19 juin 2011

INTERVIEW





Depuis mi-mai 2011, l’artiste française Élodie Huet (*1973 en France, vit et travaille à Paris) est au Casino Luxembourg 
pour une résidence d’artiste de huit semaines. Une exposition à l’« Aquarium », fruit de son travail sur place, clôture son séjour. Élodie Huet, une artiste sensible à son entourage, explore, strate par strate, son terrain d’accueil. Découverte(s).


Nadine Clemens : Élodie, qu’est-ce qui t’a motivée à présenter un dossier pour la résidence d’artiste au Casino Luxembourg ?

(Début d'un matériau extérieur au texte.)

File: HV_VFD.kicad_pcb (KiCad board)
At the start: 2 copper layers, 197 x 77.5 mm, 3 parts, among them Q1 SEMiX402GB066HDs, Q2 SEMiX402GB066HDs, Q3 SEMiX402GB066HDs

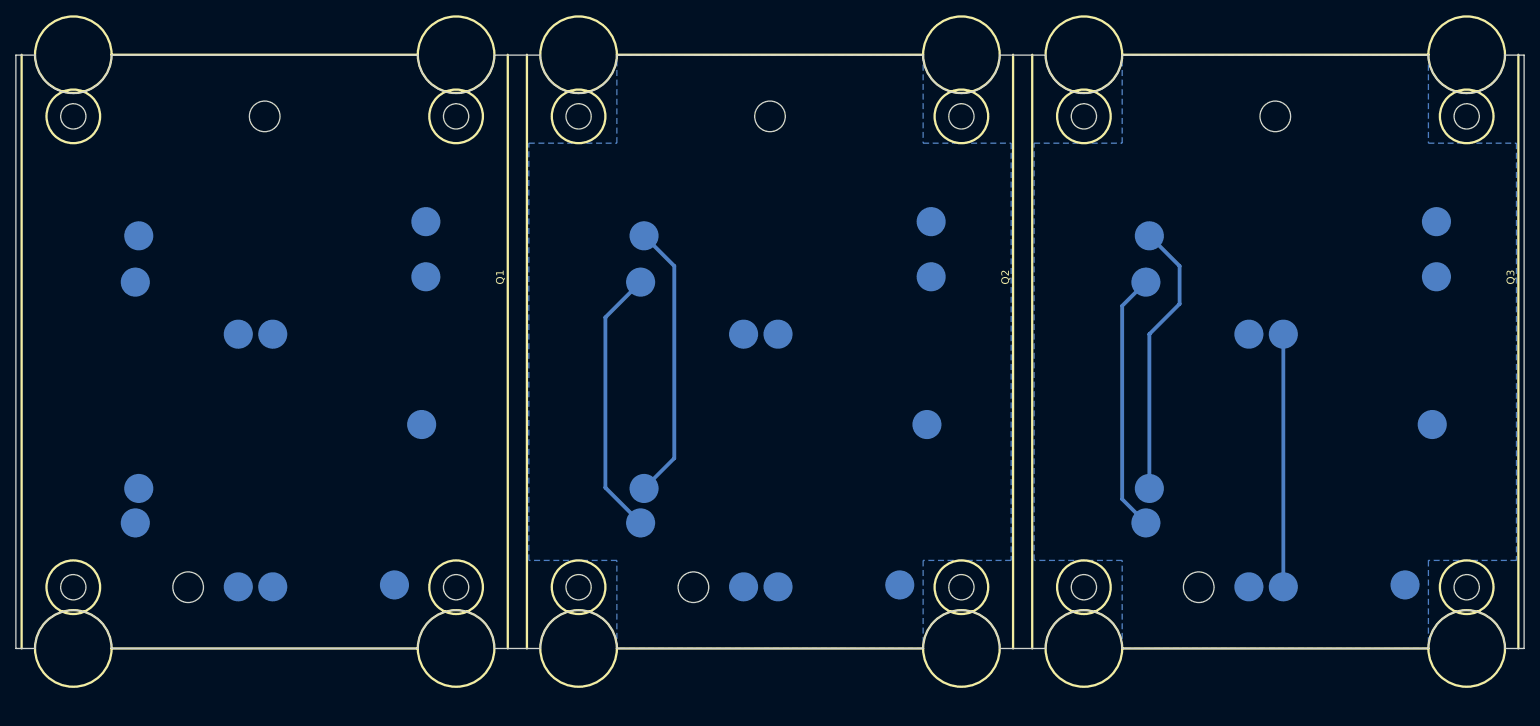
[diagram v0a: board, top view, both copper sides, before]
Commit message: added basic bootstrap and desat diodes
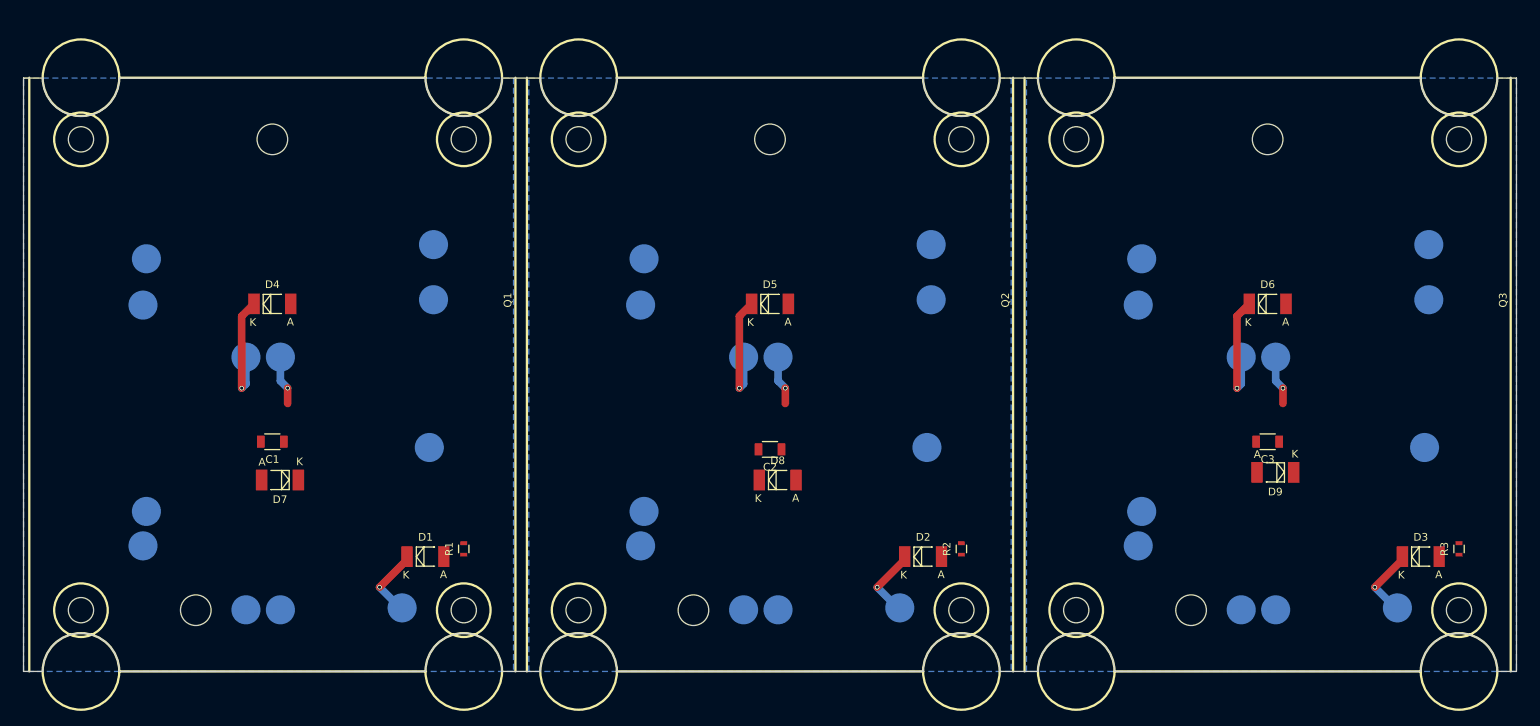
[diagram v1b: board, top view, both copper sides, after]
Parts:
- added C1: C, Capacitors_SMD:C_1206, F.Cu at (90.0, 103.0)
- added C2: C, Capacitors_SMD:C_1206, F.Cu at (155.0, 104.0)
- added C3: C, Capacitors_SMD:C_1206, F.Cu at (220.0, 103.0)
- added D1: D, Diodes_SMD:MELF_Standard, F.Cu at (110.0, 118.0)
- added D2: D, Diodes_SMD:MELF_Standard, F.Cu at (175.0, 118.0)
- added D3: D, Diodes_SMD:MELF_Standard, F.Cu at (240.0, 118.0)
- added D4: D, Diodes_SMD:MELF_Standard, F.Cu at (90.0, 85.0)
- added D5: D, Diodes_SMD:MELF_Standard, F.Cu at (155.0, 85.0)
- added D6: D, Diodes_SMD:MELF_Standard, F.Cu at (220.0, 85.0)
- added D7: D, Diodes_SMD:MELF_Standard, F.Cu at (91.0, 108.0)
- added D8: D, Diodes_SMD:MELF_Standard, F.Cu at (156.0, 108.0)
- added D9: D, Diodes_SMD:MELF_Standard, F.Cu at (221.0, 107.0)
- added R1: R, Resistors_SMD:R_0603, F.Cu at (115.0, 117.0)
- added R2: R, Resistors_SMD:R_0603, F.Cu at (180.0, 117.0)
- added R3: R, Resistors_SMD:R_0603, F.Cu at (245.0, 117.0)
- moved Q1 3.16 mm to (80.0, 125.0)
- moved Q3 3.16 mm to (210.0, 125.0)
- moved Q2 3.00 mm to (145.0, 125.0)
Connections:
- net Net-(Q1-Pad10) renamed Q1L_G
- net Net-(Q1-Pad12) renamed Q1H_G
- net Net-(Q1-Pad5) renamed Q1L_EM
- net Net-(Q2-Pad10) renamed Q2L_G
- net Net-(Q2-Pad12) renamed Q2H_G
- net Net-(Q2-Pad5) renamed Q2L_EM
- net Net-(Q3-Pad10) renamed Q3L_G
- net Net-(Q3-Pad12) renamed Q3H_G
- net Net-(Q3-Pad5) renamed Q3L_EM
- Q1 pad 11: Net-(Q1-Pad11) -> Q1H_EM
- Q2 pad 11: Net-(Q2-Pad11) -> Q2H_EM
- Q3 pad 11: Net-(Q3-Pad11) -> Q3H_EM
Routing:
- net Q2L_G: track 36.3 -> 0.00 mm
- net Q3L_G: track 36.3 -> 0.00 mm
- net Q2L_EM: track 35.3 -> 0.00 mm
- net Q3L_EM: track 34.0 -> 0.00 mm
- net Q3H_G: track 33.0 -> 6.44 mm, vias 0 -> 1
- net Q3H_EM: track 0.00 -> 15.9 mm, vias 0 -> 1
- net Q2H_EM: track 0.00 -> 15.9 mm, vias 0 -> 1
- net Q1H_EM: track 0.00 -> 15.9 mm, vias 0 -> 1
- net Net-(D3-Pad1): track 0.00 -> 9.56 mm, vias 0 -> 1
- net Net-(D2-Pad1): track 0.00 -> 9.56 mm, vias 0 -> 1
- net Net-(D1-Pad1): track 0.00 -> 9.56 mm, vias 0 -> 1
- net Q1H_G: track 0.00 -> 6.44 mm, vias 0 -> 1
- net Q2H_G: track 0.00 -> 6.44 mm, vias 0 -> 1
- added copper zone on B.Cu, net Net-(Q1-Pad14)
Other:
- board size 197 x 77.5 mm -> 195 x 77.5 mm

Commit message: added gate drivers, increased FET spacing
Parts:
- removed C1, C2, C3: C, Capacitors_SMD:C_1206
- removed D1, D2, D3, D4, D5, D6, D7, D8, D9: D, Diodes_SMD:MELF_Standard
- removed Q1, Q2, Q3: SEMiX402GB066HDs, VFD_parts:SEMiX_2s
- removed R1, R2, R3: R, Resistors_SMD:R_0603
- added C301: C, Capacitors_SMD:C_1206, F.Cu at (59.0, 72.0)
- added C302: C, Capacitors_SMD:C_1206, F.Cu at (50.0, 71.0)
- added C303: C, Capacitors_SMD:C_1206, F.Cu at (158.0, 72.5)
- added C304: C, Capacitors_SMD:C_1206, F.Cu at (141.0, 72.0)
- added C305: C, Capacitors_SMD:C_1206, F.Cu at (235.5, 74.0)
- added C306: C, Capacitors_SMD:C_1206, F.Cu at (242.5, 74.0)
- added D201: D, Diodes_SMD:MELF_Standard, F.Cu at (71.5, 117.0)
- added D202: D, Diodes_SMD:MELF_Standard, F.Cu at (167.0, 117.5)
- added D203: D, Diodes_SMD:MELF_Standard, F.Cu at (261.5, 115.5)
- added D204: D, Diodes_SMD:MELF_Standard, F.Cu at (50.5, 99.5)
- added D205: D, Diodes_SMD:MELF_Standard, F.Cu at (145.5, 101.5)
- added D206: D, Diodes_SMD:MELF_Standard, F.Cu at (240.5, 100.0)
- added D207: D, Diodes_SMD:DO-214AB, F.Cu at (29.5, 88.5)
- added D208: D, Diodes_SMD:DO-214AB, F.Cu at (124.5, 88.5)
- added D209: D, Diodes_SMD:DO-214AB, F.Cu at (218.0, 88.5)
- added D210: D, Diodes_SMD:DO-214AB, F.Cu at (29.5, 113.0)
- added D211: D, Diodes_SMD:DO-214AB, F.Cu at (123.5, 113.0)
- added D212: D, Diodes_SMD:DO-214AB, F.Cu at (219.0, 113.0)
- added D301: D, Diodes_SMD:MELF_Standard, F.Cu at (58.0, 76.5)
- added D302: D, Diodes_SMD:MELF_Standard, F.Cu at (147.5, 70.0)
- added D303: D, Diodes_SMD:MELF_Standard, F.Cu at (257.0, 69.5)
- added Q201: SEMiX402GB066HDs, VFD_parts:SEMiX_2s_7nc, F.Cu at (45.0, 125.0)
- added Q202: SEMiX402GB066HDs, VFD_parts:SEMiX_2s_7nc, F.Cu at (140.0, 125.0)
- added Q203: SEMiX402GB066HDs, VFD_parts:SEMiX_2s_7nc, F.Cu at (235.0, 125.0)
- added R201: RGh, Resistors_SMD:R_1812, F.Cu at (56.5, 99.5)
- added R202: RGh, Resistors_SMD:R_1812, F.Cu at (151.0, 101.5)
- added R203: RGh, Resistors_SMD:R_1812, F.Cu at (246.5, 100.0)
- added R204: RGh, Resistors_SMD:R_1812, F.Cu at (56.5, 116.0)
- added R205: RGh, Resistors_SMD:R_1812, F.Cu at (151.0, 116.0)
- added R206: RGh, Resistors_SMD:R_1812, F.Cu at (245.5, 117.0)
- added R207: RGl, Resistors_SMD:R_1812, F.Cu at (38.5, 104.5)
- added R208: RGl, Resistors_SMD:R_1812, F.Cu at (133.5, 103.0)
- added R209: RGl, Resistors_SMD:R_1812, F.Cu at (236.0, 110.5)
- added R210: RGl, Resistors_SMD:R_1812, F.Cu at (30.0, 76.5)
- added R211: RGl, Resistors_SMD:R_1812, F.Cu at (125.5, 76.0)
- added R212: RGl, Resistors_SMD:R_1812, F.Cu at (220.0, 76.5)
- added R213: REl, Resistors_SMD:R_1812, F.Cu at (37.5, 93.0)
- added R214: REl, Resistors_SMD:R_1812, F.Cu at (132.5, 93.0)
- added R215: REl, Resistors_SMD:R_1812, F.Cu at (228.5, 93.0)
- added R216: REl, Resistors_SMD:R_1812, F.Cu at (47.0, 117.0)
- added R217: REl, Resistors_SMD:R_1812, F.Cu at (141.5, 117.0)
- added R218: REl, Resistors_SMD:R_1812, F.Cu at (236.5, 116.0)
- added R301: R, Resistors_SMD:R_0603, F.Cu at (45.5, 72.5)
- added R302: R, Resistors_SMD:R_0603, F.Cu at (152.5, 75.0)
- added R303: R, Resistors_SMD:R_0603, F.Cu at (257.5, 75.0)
- added R304: R, Resistors_SMD:R_1812, F.Cu at (63.0, 152.0)
- added R305: R, Resistors_SMD:R_1812, F.Cu at (127.5, 155.0)
- added R306: R, Resistors_SMD:R_1812, F.Cu at (202.5, 140.0)
- added R307: R, Resistors_SMD:R_1812, F.Cu at (33.5, 148.5)
- added R308: R, Resistors_SMD:R_1812, F.Cu at (145.0, 150.0)
- added R309: R, Resistors_SMD:R_1812, F.Cu at (251.0, 140.5)
- added R310: R, Resistors_SMD:R_0603, F.Cu at (49.0, 148.0)
- added R311: R, Resistors_SMD:R_0603, F.Cu at (158.0, 151.5)
- added R312: R, Resistors_SMD:R_0603, F.Cu at (266.0, 144.5)
- added U301: 1EDI60H12AH, VFD_parts:PG-DSO-8-59, F.Cu at (64.5, 163.0)
- added U302: 1EDI60H12AH, VFD_parts:PG-DSO-8-59, F.Cu at (128.5, 165.0)
- added U303: 1EDI60H12AH, VFD_parts:PG-DSO-8-59, F.Cu at (203.0, 153.0)
- added U304: 1EDI60H12AH, VFD_parts:PG-DSO-8-59, F.Cu at (33.0, 159.5)
- added U305: 1EDI60H12AH, VFD_parts:PG-DSO-8-59, F.Cu at (148.0, 161.0)
- added U306: 1EDI60H12AH, VFD_parts:PG-DSO-8-59, F.Cu at (251.5, 150.0)
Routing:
- net Q3H_EM: track 15.9 -> 0.00 mm, vias 1 -> 0
- net Q2H_EM: track 15.9 -> 0.00 mm, vias 1 -> 0
- net Q1H_EM: track 15.9 -> 0.00 mm, vias 1 -> 0
- net Net-(D3-Pad1): track 9.56 -> 0.00 mm, vias 1 -> 0
- net Net-(D2-Pad1): track 9.56 -> 0.00 mm, vias 1 -> 0
- net Net-(D1-Pad1): track 9.56 -> 0.00 mm, vias 1 -> 0
- net Q1H_G: track 6.44 -> 0.00 mm, vias 1 -> 0
- net Q3H_G: track 6.44 -> 0.00 mm, vias 1 -> 0
- net Q2H_G: track 6.44 -> 0.00 mm, vias 1 -> 0
- added copper zone on B.Cu, net Net-(Q201-Pad14)
- added copper zone on B.Cu, net Net-(Q202-Pad14)
- added copper zone on B.Cu, net Net-(Q203-Pad14)
- removed copper zone on B.Cu, net Net-(Q1-Pad14)
- removed copper zone on B.Cu, net Net-(Q2-Pad14)
- removed copper zone on B.Cu, net Net-(Q3-Pad14)
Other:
- board size 195 x 77.5 mm -> 253 x 77.5 mm

Élodie Huet : D’emblée, j’ai trouvé l’« Aquarium » – l’espace vitré dans lequel les projets de résidence du Casino ont lieu – très inspirant. Il s’agit d’un module architectural qui, bien que faisant partie intégrante du bâtiment, bénéficie néanmoins d’une certaine autonomie. Avec ses grandes surfaces vitrées, il fonctionne comme un espace intermédiaire entre l’intérieur et l’extérieur. Aujourd’hui, c’est mon lieu de travail et j’y passe une partie de mon temps de résidence. J’ai pu constater la relation qu’il peut y avoir entre la vie publique – avec les passants et les touristes qui se promènent sur le boulevard Roosevelt, les voitures qui circulent, etc. – et la vie privée, c’est-à-dire mon lieu de travail temporaire. Cette notion de glissement entre les espaces m’intéresse beaucoup.


NC : Comment vis-tu le temps de ta résidence ? De quelle manière cette expérience influence-t-elle ton travail ?

ÉH : D’une part, je considère la résidence comme un moment de solitude, puisqu’on arrive dans un autre espace-temps, inconnu et nouveau. D’autre part, une telle période passée ailleurs est propice à la rencontre. Pour moi, il s’agit d’un moment privilégié à l’introspection, d’une occasion pour réfléchir à de nouvelles œuvres. Celles-ci sont presque naturellement inspirées par l’espace et par le contexte particulier dans lequel je me trouve en tant que résidente temporaire. Le projet que je réalise sur place traite ainsi de la relation personnelle que j’ai avec mon lieu d’accueil.


NC : Un des projets que tu réalises est une série de 30 cartes postales, éditées à 2000 exemplaires chacune. Pourrais-tu nous en dire plus ? Comment choisis-tu tes motifs ?

ÉH : Au fil du temps, je découvre de nouvelles choses. Chaque jour, je prends des photos de ce qui m’entoure : des objets dans l’espace urbain, des fragments d’architecture, des éléments de paysage, … Ce sont des détails qui peuvent paraître anodins mais qui, par le cadrage photographique et par le regard que je porte sur eux, peuvent acquérir une certaine importance. Comme un criminologue à la recherche d’indices, je scanne l’espace qui m’entoure ! Il s'agit dans ces images de prélever des bouts de réalité subjectives, des détails principalement architecturaux, des curiosités « anti-touristiques ». Pas totalement l'inverse du décor de carte postale, mais ils pointent des indices d'organisation de la ville.
Parmi les photos que je prends quotidiennement, certaines font l'objet d'une édition de  cartes postales et sont intégrées dans le dispositif scénographique mis en place à l'aquarium. . J’invite les visiteurs à venir les récupérer ou, pour le dire autrement, à se les approprier. L'exposition prend ainsi forme tout au long de la résidence et, paradoxalement, tend aussi à disparaître


NC : Ton projet s’intitule Restore Hope. Peux-tu m’expliquer pourquoi ?

ÉH : Restore Hope est le nom d’une opération militaire qui a été menée au début des années 1990 par les forces américaines sous l’égide des Nations Unies en Somalie. Le but de cette opération était de faire cesser les hostilités entre la Somalie et l’Éthiopie, et à mettre un terme à la guerre civile. La mission Restore Hope s’est soldée par un échec. Pour moi, Restore Hope se traduit métaphoriquement par le regard extérieur que l’on peut porter sur un pays. Les bonnes intentions que l’on peut avoir au départ, ne valent pas grand chose si elles ne trouvent pas un écho favorable. Je me suis installée au Luxembourg et j’espère pouvoir apporter un regard autre sur cet environnement. Le travail que je développe ici  est basé sur la perception qu'on peut avoir d'un milieu  inconnu, et sa transmission à l'extérieur. Pour moi, réaliser un travail qui tomberait sur de sourdes oreilles constituerait un échec.